From the records, return each line that has the word "continued" in it.

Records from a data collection
--------------------
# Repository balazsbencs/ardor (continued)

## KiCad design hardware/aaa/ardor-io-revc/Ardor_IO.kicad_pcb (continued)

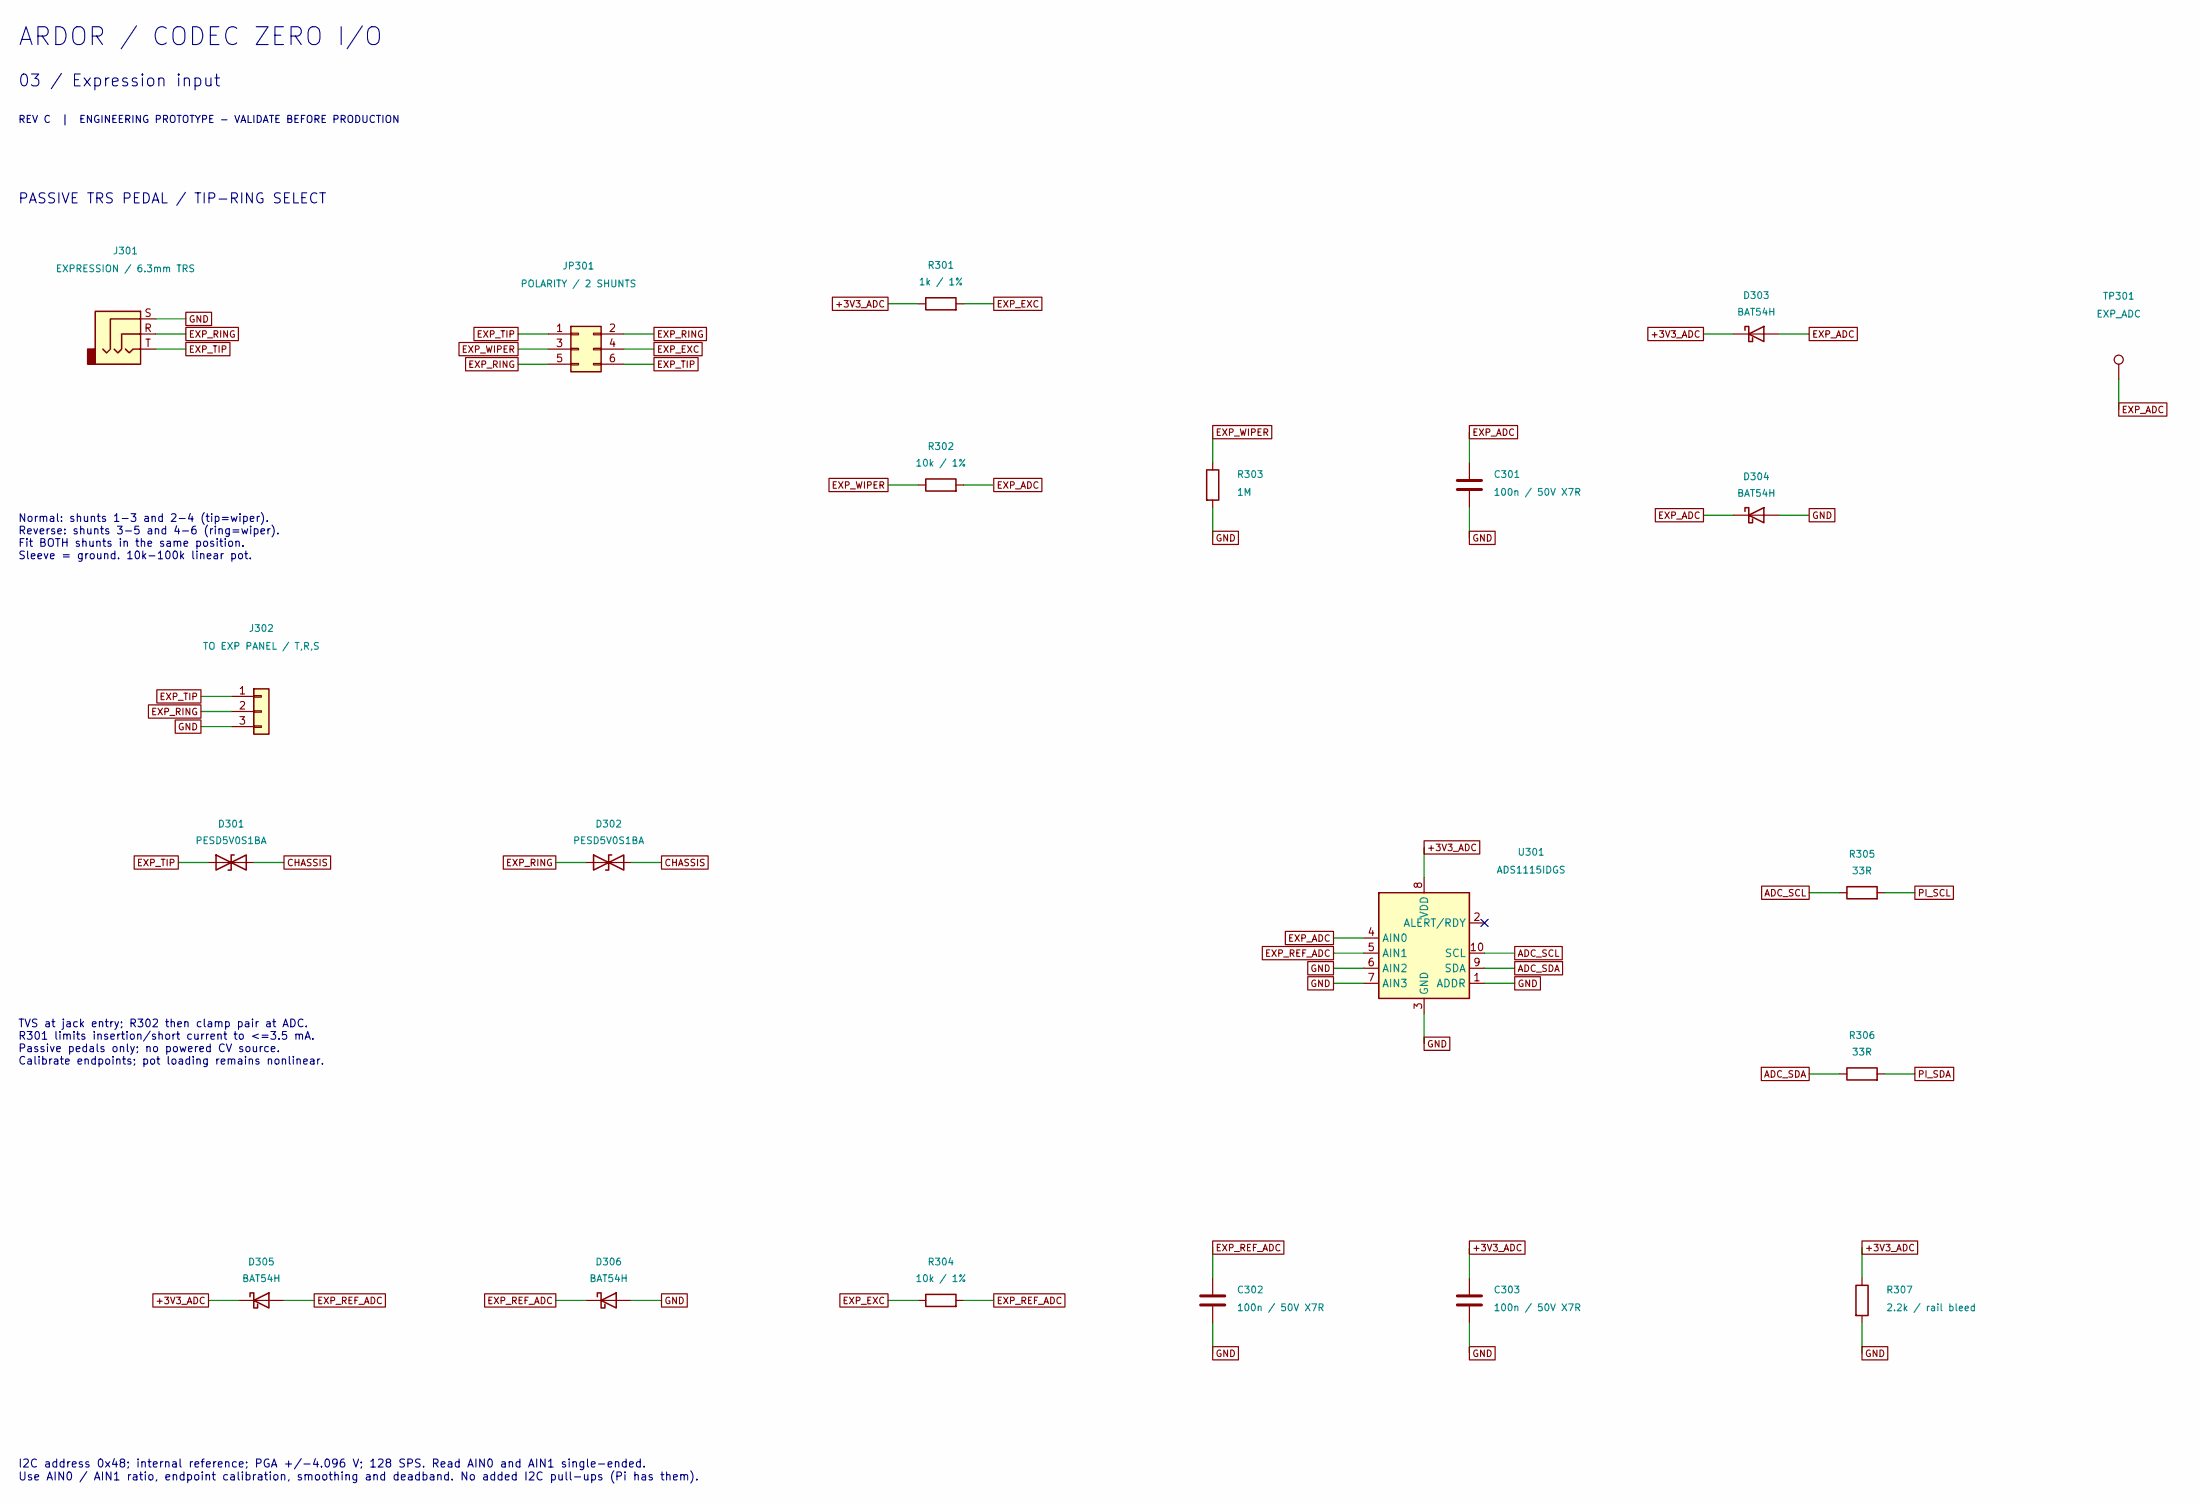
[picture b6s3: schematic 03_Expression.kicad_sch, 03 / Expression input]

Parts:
C301, C302, C303: 100n / 50V X7R; C_0603_1608Metric; MPN YAGEO CC0603KRX7R9BB104; JLCPCB Part # C14663
D301, D302: PESD5V0S1BA; D_SOD-323; MPN Nexperia PESD5V0S1BA,115; JLCPCB Part # C19224
D303, D304, D305, D306: BAT54H; D_SOD-123F; MPN Nexperia BAT54H,115; JLCPCB Part # C426769
J301: EXPRESSION / 6.3mm TRS
J302: TO EXP PANEL / T,R,S; PinHeader_1x03_P2.54mm_Vertical
JP301: POLARITY / 2 SHUNTS; PinHeader_2x03_P2.54mm_Vertical
R301: 1k / 1%; R_0603_1608Metric; MPN UNI-ROYAL 0603WAF1001T5E; JLCPCB Part # C21190
R302, R304: 10k / 1%; R_0603_1608Metric; MPN UNI-ROYAL 0603WAF1002T5E; JLCPCB Part # C25804
R303: 1M; R_0603_1608Metric; MPN UNI-ROYAL 0603WAF1004T5E; JLCPCB Part # C22935
R305, R306: 33R; R_0603_1608Metric; MPN UNI-ROYAL 0603WAF330JT5E; JLCPCB Part # C23140
R307: 2.2k / rail bleed; R_0603_1608Metric; MPN UNI-ROYAL 0603WAF2201T5E; JLCPCB Part # C4190
TP301: EXP_ADC; TestPoint_Pad_D1.5mm
U301: ADS1115IDGS; VSSOP-10_3x3mm_P0.5mm; MPN TI ADS1115IDGSR; JLCPCB Part # C37593

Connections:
+3V3_ADC: C303.1, D303.1 (K), D305.1 (K), R301.1, R307.1, U301.8 (VDD); also elsewhere on the board
ADC_SCL: R305.1, U301.10 (SCL)
ADC_SDA: R306.1, U301.9 (SDA)
CHASSIS: D301.2 (A2), D302.2 (A2); also elsewhere on the board
EXP_ADC: C301.1, D303.2 (A), D304.1 (K), R302.2, TP301.1, U301.4 (AIN0)
EXP_EXC: JP301.4, R301.2, R304.1
EXP_REF_ADC: C302.1, D305.2 (A), D306.1 (K), R304.2, U301.5 (AIN1)
EXP_RING: D302.1 (A1), J301.R, J302.2, JP301.2, JP301.5
EXP_TIP: D301.1 (A1), J301.T, J302.1, JP301.1, JP301.6
EXP_WIPER: JP301.3, R302.1, R303.1
GND: C301.2, C302.2, C303.2, D304.2 (A), D306.2 (A), J301.S, J302.3, R303.2, R307.2, U301.1 (ADDR), U301.3 (GND), U301.6 (AIN2), U301.7 (AIN3); also elsewhere on the board
PI_SCL: R305.2; also elsewhere on the board
PI_SDA: R306.2; also elsewhere on the board

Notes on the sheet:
ARDOR / CODEC ZERO I/O
03 / Expression input
REV C | ENGINEERING PROTOTYPE - VALIDATE BEFORE PRODUCTION
PASSIVE TRS PEDAL / TIP-RING SELECT
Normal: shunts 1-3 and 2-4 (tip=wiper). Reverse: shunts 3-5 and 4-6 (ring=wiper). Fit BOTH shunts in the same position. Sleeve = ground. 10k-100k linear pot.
--------------------
- **RESPONSE TO THIS EXERCISE**
# Repository balazsbencs/ardor (continued)
## KiCad design hardware/aaa/ardor-io-revc/Ardor_IO.kicad_pcb (continued)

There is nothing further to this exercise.